C’est une élection qui a tenu en haleine le Mysore. Le prince Yaduveer Krishnadatta Chamaraja Wadiyar, héritier d’une monarchie emportée par la décolonisation, véritable État dans l'État, a été élu député nationaliste de cette province de la République d’Inde.
En mars 2024, il a créé la surprise en annonçant sa participation aux élections générales, sous les couleurs du BJP, le parti nationaliste du Premier ministre Narendra Modi. Il a fallu peu de temps pour que la toile s’enflamme d’autant que le candidat, Yaduveer Krishnadatta Chamaraja Wadiyar, n’est autre que l’héritier d’une longue lignée de maharajas ayant régné sur l’état princier de Mysore. Né le 24 mars 1992. Ce passionné de musique, d’histoire et de course de chevaux a fait ses études à Bangalore, d'abord à la Vidya Niketan School, puis à la Canadian International School. Par la suite, Yaduveer Krishnadatta Chamaraja a obtenu un diplôme de premier cycle en littérature anglaise et en économie à l'Université du Massachusetts.

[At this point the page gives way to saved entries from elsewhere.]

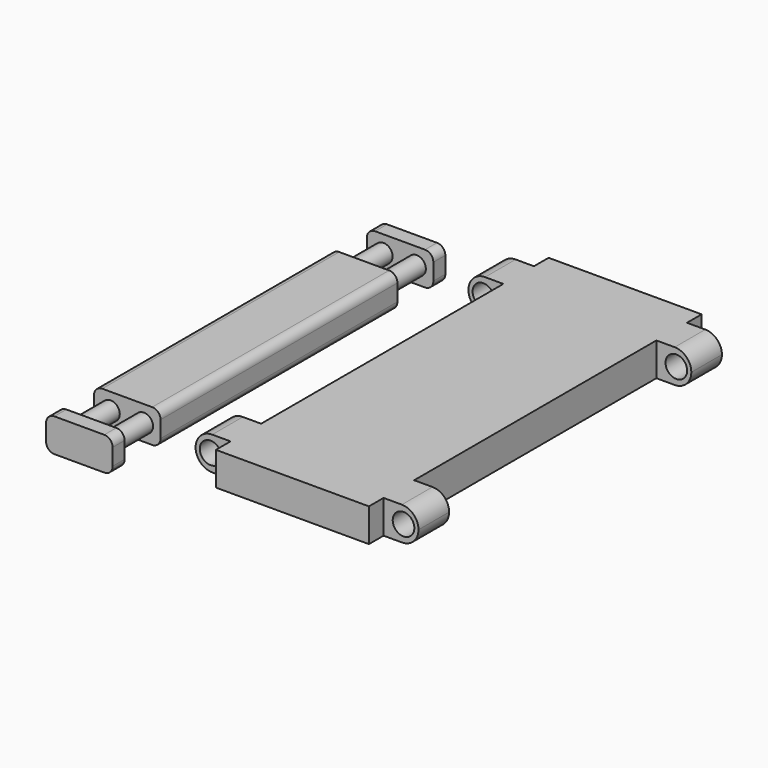
from build123d import *

# Parameters (mm, degrees)
F0_W      = 8
F0_H      = 4
F1_DEPTH  = 25
F2_W      = 8
F2_H      = 5.4
F3_DEPTH  = 25
F4_R      = 1.1
F5_DEPTH  = 7
F6_R      = 1
F8_W      = 9.2
F8_H      = 4
F9_DEPTH  = 25
F10_W     = 4.6
F10_H     = 4
F11_DEPTH = 4.2
F12_R     = 1.3
F13_DEPTH = 25
F14_R     = 1.99999


# Not quite as in the source:
# - a fillet or chamfer is up to 0.001 mm smaller than in the source, because OpenCascade refuses the exact size


with BuildPart() as f1:
    # F0 (on Front) → F1 (new body)
    with BuildSketch(Plane.XZ):
        with Locations((-52.9895666987, 26.7937131725)):
            Rectangle(F0_W, F0_H)
    extrude(amount=F1_DEPTH)

    # F2 (on face) → F3 (cut)
    with BuildSketch(Plane.XY.offset(28.7937131725)):
        with Locations((-52.9895666987, -20.5)):
            Rectangle(F2_W, F2_H)
    extrude(amount=-F3_DEPTH, mode=Mode.SUBTRACT)

    # F4 (on face) → F5 (join)
    with BuildSketch(Plane.XZ.offset(17.8)):
        with Locations((-54.9895666987, 26.7937131725)):
            Circle(F4_R)
        with Locations((-50.9895666987, 26.7937131725)):
            Circle(F4_R)
    extrude(amount=F5_DEPTH)

    # F6
    f6_edges = [f1.edges().sort_by_distance(p)[0] for p in [
        (-56.989567, -8.9, 28.793713),
        (-48.989567, -8.9, 28.793713),
        (-48.989567, -8.9, 24.793713),
        (-48.989567, -24.1, 28.793713),
        (-56.989567, -24.1, 28.793713),
        (-48.989567, -24.1, 24.793713),
        (-56.989567, -8.9, 24.793713),
        (-56.989567, -24.1, 24.793713),
    ]]
    fillet(f6_edges, radius=F6_R)

    # F7: F1 across plane


with BuildPart() as f1_1:
    add(f1.part)
    add(f1.part.mirror(Plane.XZ))


with BuildPart() as f9:
    # F8 (on Front) → F9 (new body)
    with BuildSketch(Plane.XZ):
        with Locations((-22.7743378759, 29.5677930117)):
            Rectangle(F8_W, F8_H)
    extrude(amount=F9_DEPTH)

    # F10 (on face) → F11 (join)
    with BuildSketch(Plane.YZ.offset(-18.1743378759)):
        with Locations((-20.5, 29.5677930117)):
            Rectangle(F10_W, F10_H)
    extrude(amount=F11_DEPTH)

    # F12 (on face) → F13 (cut)
    with BuildSketch(Plane.XZ.offset(22.8)):
        with Locations((-15.7743378759, 29.5677930117)):
            Circle(F12_R)
    extrude(amount=-F13_DEPTH, mode=Mode.SUBTRACT)

    # F14 (radius 2 in the source; OpenCascade refuses exactly that, so slightly less here)
    f14_edges = [f9.edges().sort_by_distance(p)[0] for p in [
        (-13.974338, -20.5, 31.567793),
        (-13.974338, -20.5, 27.567793),
    ]]
    fillet(f14_edges, radius=F14_R)

    # F15: F9 across face


with BuildPart() as f9_1:
    add(f9.part)
    add(f9.part.mirror(Plane(origin=(-27.3743378759, -12.5, 29.5677930117), x_dir=(0, -1, 0), z_dir=(-1, 0, 0))))

    # F16: F9 across face


with BuildPart() as f9_2:
    add(f9_1.part)
    add(f9_1.part.mirror(Plane(origin=(-27.3743378759, 0, 29.5677930117), x_dir=(-1, 0, 0), z_dir=(0, 1, 0))))


solid = Compound([f1_1.part, f9_2.part])

Une dynastie indissociable de l'histoire de l'Inde
Yaduveer Krishnadatta Chamaraja est issu de la dynastie Wadiyar qui, selon la légende, descend directement de la déesse Krishna. C’est au cours du XIVe siècle que cette maison royale a émergé en Asie et s’est établie comme une puissance en 1555 après la chute de l’Empire hindou Vijayanagara dont le Mysore était le vassal. Après un interrègne entre 1760 et 1799, la dynastie a été finalement restaurée sur son trône. Affaiblie, elle ne résiste pas à l’assaut des Britanniques qui ne tardent pas à fondre sur la royauté en 1831. En s’appuyant sur ses monarques, les Anglais s’assurent un allié fidèle à leur couronne qui s’impose doucement en Inde. Parmi les nombreux souverains les plus notables de cette famille prestigieuse, Chamarajendra Wadiyar X (prince de 1868 à 1894) va révolutionner le mode de gouvernement de son royaume en instituant le premier parlement élu démocratiquement du pays, en réformant et industrialisant considérablement le Mysore. Krishnaraja Wadiyar IV (prince de 1894 à 1940) va poursuivre les réformes de son père, loué par les philosophes et les politiciens (y compris du Mahatma Gandhi) pour son habileté politique. Un maharaja dont la fortune sera estimée à plus de 400 millions de dollars à la veille de la Seconde Guerre mondiale. Un conflit qui va ouvrir la voie à la montée des nationalisme et des désirs d’indépendance des Indiens. La monarchie de Mysore sera emportée avec la fin de la colonisation britannique (1947). Son dernier souverain, Jayachamarajendra Wadiyar (1919-1974) signe le document qui autorise son état à rejoindre l’Union trois ans plus tard.
Le retour des Maharajas dans l'État de Mysore
Yaduveer Krishnadatta Chamaraja Wadiyar est un prince adopté, issu d’une branche cadette. C’est sa grand-tante, Pramoda Devi Wadiyar, qui a pris cette décision après le décès de son époux, le prince Srikantadatta Wadiyar. La succession a été rapidement validée par le conseil royal et le prince a pu être couronné comme « Maharaja de Mysore » lors d'une cérémonie privée en 2015. « Mon rôle sera de garantir que cet héritage, notre héritage, reste vivant » avait alors déclaré le nouveau monarque en titre à la chaîne NDTV. Bien que la monarchie soit abolie, la dynastie reste indissociable du quotidien des habitants de Mysore qui ont été des milliers à suivre le couronnement. Père d’un garçon (né en 2017), le prince Yaduveer Krishnadatta Chamaraja est une personnalité locale dont le visage est révéré, un État dans l'État. Rien d’étonnant en soi qu’il ait pris la décision de se lancer en politique, suivant d’ailleurs les pas de son grand-oncle, le prince Srikanthadattā Narasimharājā Wadiyar (1953-2013) qui a été élu de nombreuses fois représentant de son état.
En remportant cette élection et en se faisant élire député à l’assemblée provinciale de juin dernier, le prince Yaduveer Krishnadatta Chamaraja Wadiyar a redoré le blason terni de sa dynastie et s’inscrit à nouveau dans une histoire séculaire qui continue de fasciner des générations entières. Un retour en force des maisons royales au sein des parlements locaux puisque plusieurs descendants d’anciennes familles royales ont été élus dans l’État de Madya Pradesh et celui du Rajasthan.